Items listed in a dataset

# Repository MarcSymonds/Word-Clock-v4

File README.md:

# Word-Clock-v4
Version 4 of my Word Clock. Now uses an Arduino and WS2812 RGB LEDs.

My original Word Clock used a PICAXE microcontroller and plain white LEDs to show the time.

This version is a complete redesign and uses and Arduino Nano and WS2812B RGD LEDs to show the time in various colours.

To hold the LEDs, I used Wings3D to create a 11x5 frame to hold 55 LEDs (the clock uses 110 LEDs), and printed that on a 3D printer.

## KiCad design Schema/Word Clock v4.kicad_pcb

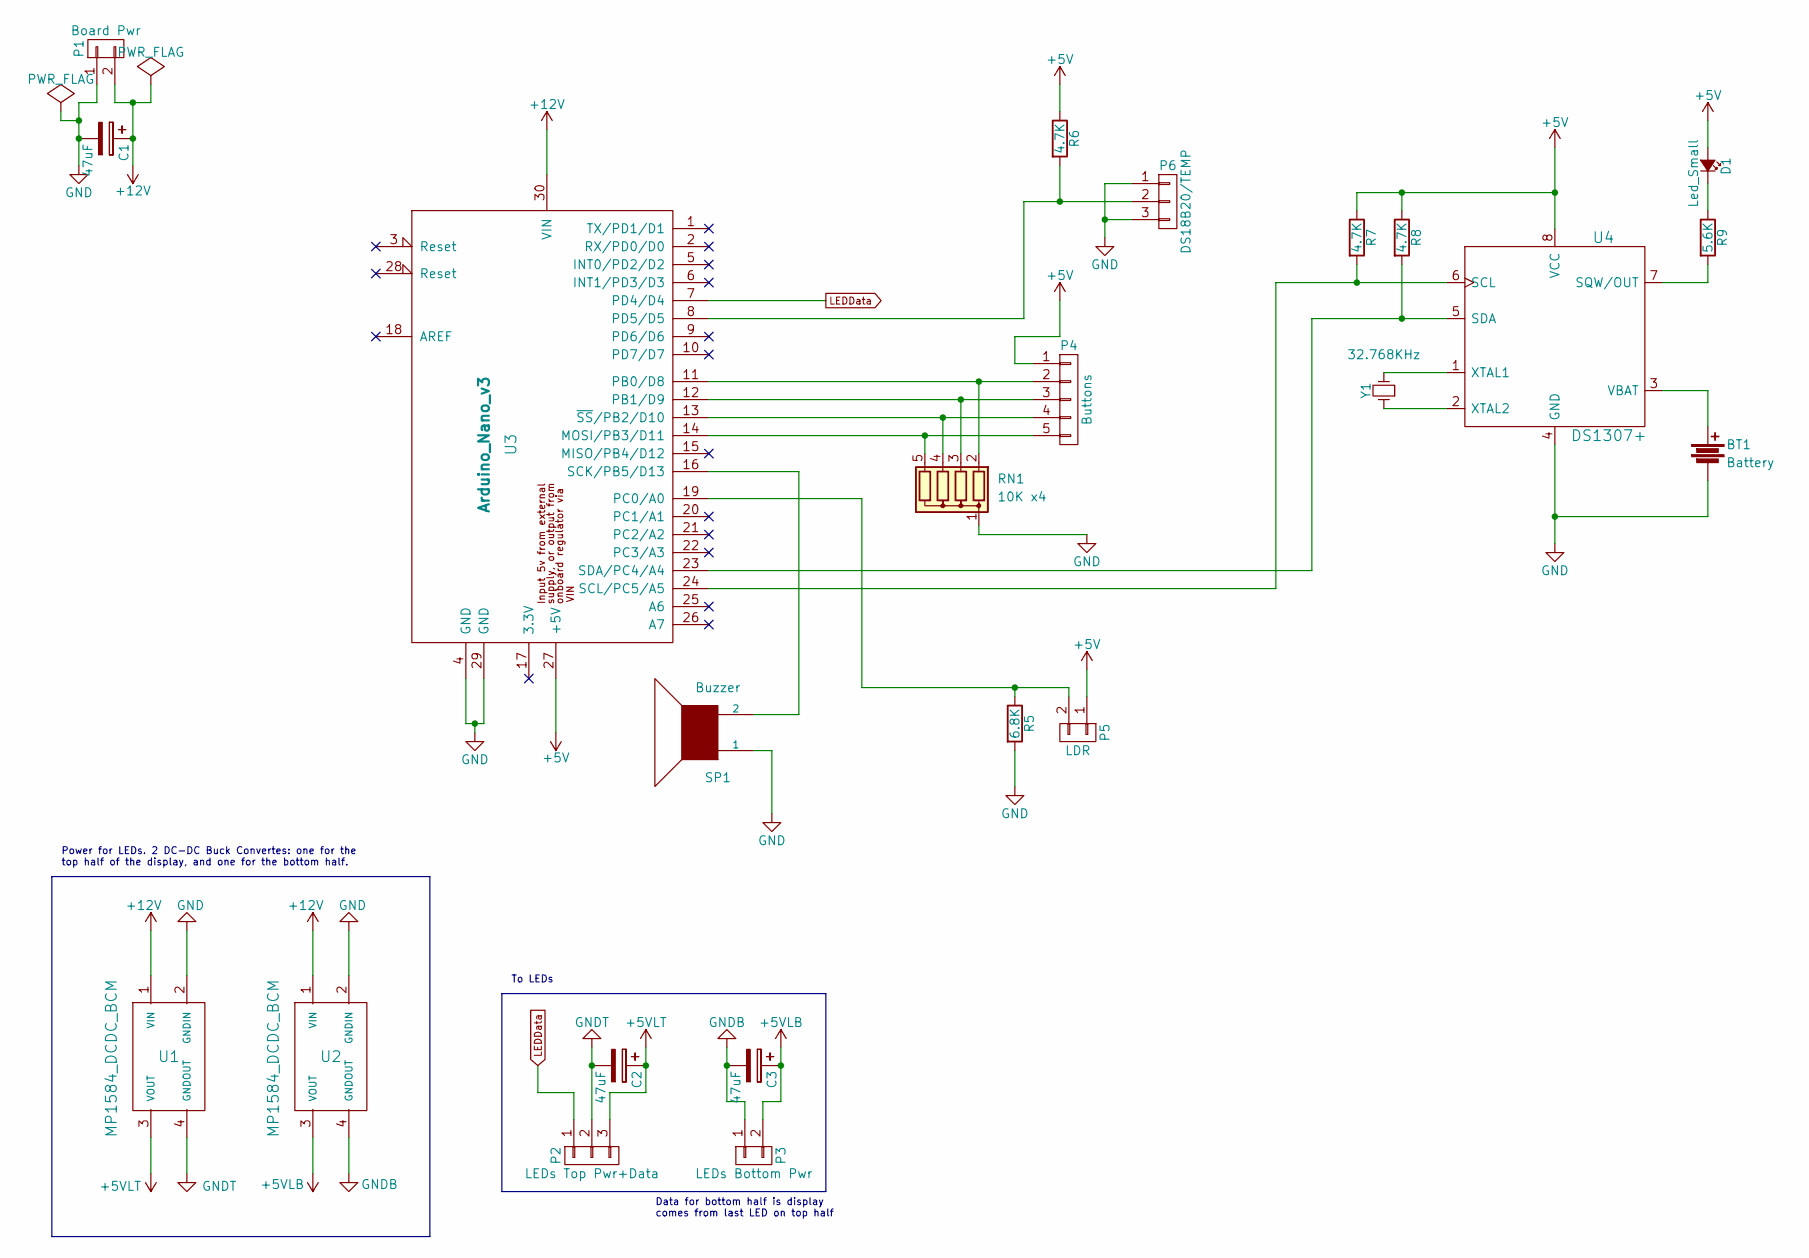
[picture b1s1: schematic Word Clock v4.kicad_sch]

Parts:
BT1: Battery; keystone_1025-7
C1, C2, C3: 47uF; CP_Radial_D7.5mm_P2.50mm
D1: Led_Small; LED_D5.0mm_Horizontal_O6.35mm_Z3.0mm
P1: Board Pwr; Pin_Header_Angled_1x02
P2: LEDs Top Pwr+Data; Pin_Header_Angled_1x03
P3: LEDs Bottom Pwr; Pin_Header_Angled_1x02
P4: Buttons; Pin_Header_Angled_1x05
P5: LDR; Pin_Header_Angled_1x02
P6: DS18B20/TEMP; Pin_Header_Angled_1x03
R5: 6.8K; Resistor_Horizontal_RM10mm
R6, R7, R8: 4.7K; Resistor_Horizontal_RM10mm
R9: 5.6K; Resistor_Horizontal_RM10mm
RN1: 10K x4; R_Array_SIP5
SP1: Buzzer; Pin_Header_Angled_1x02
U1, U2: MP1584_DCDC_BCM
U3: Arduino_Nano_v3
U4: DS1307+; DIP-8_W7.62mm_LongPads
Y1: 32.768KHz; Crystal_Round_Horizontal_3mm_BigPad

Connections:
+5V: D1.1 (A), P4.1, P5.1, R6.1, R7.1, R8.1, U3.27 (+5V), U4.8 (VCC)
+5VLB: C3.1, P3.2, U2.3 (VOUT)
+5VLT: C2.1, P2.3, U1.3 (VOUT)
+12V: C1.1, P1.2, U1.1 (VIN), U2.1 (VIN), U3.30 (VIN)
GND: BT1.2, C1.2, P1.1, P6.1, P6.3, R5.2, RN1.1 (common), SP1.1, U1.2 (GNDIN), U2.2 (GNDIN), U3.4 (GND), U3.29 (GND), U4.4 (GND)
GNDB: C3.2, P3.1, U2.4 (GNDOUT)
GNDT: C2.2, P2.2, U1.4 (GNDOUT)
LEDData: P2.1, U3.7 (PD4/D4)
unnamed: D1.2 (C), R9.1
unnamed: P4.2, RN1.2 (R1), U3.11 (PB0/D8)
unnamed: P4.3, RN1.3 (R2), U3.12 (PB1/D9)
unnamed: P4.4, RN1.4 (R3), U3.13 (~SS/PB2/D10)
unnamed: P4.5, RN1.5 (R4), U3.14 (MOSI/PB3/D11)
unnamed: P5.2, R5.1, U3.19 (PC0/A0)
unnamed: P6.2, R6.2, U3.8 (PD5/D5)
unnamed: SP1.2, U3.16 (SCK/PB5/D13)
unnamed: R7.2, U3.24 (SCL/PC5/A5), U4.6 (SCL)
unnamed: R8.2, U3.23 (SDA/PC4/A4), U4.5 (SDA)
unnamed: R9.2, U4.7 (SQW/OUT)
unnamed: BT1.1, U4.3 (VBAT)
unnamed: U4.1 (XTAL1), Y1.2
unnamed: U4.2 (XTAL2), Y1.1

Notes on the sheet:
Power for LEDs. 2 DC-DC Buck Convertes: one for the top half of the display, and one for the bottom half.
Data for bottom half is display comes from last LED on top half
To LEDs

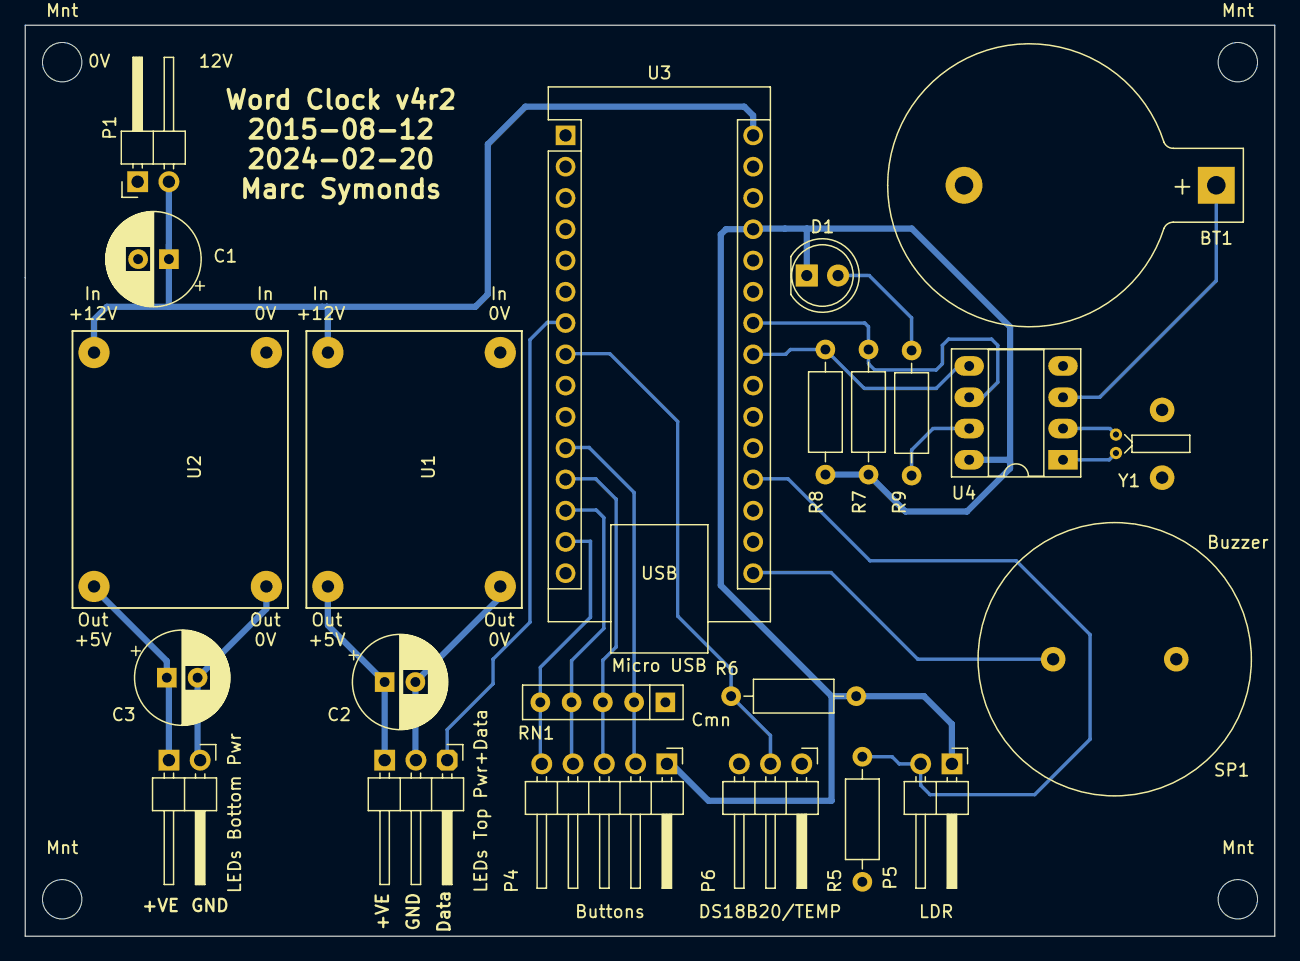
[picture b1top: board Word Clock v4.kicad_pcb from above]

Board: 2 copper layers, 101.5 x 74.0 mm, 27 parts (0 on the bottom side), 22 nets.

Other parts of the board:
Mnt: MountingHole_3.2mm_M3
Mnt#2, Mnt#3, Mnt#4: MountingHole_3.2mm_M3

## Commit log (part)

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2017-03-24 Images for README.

> EXERCISE AIM:
Make an exact copy of the lines above, starting at the line that contains "Notes on the" and running through the final line of the entries. Omit the pictures.

> OUTPUT OF THE TASK:
Notes on the sheet:
Power for LEDs. 2 DC-DC Buck Convertes: one for the top half of the display, and one for the bottom half.
Data for bottom half is display comes from last LED on top half
To LEDs

[picture b1top: board Word Clock v4.kicad_pcb from above]

Board: 2 copper layers, 101.5 x 74.0 mm, 27 parts (0 on the bottom side), 22 nets.

Other parts of the board:
Mnt: MountingHole_3.2mm_M3
Mnt#2, Mnt#3, Mnt#4: MountingHole_3.2mm_M3

## Commit log (part)

2017-03-24 Images for README.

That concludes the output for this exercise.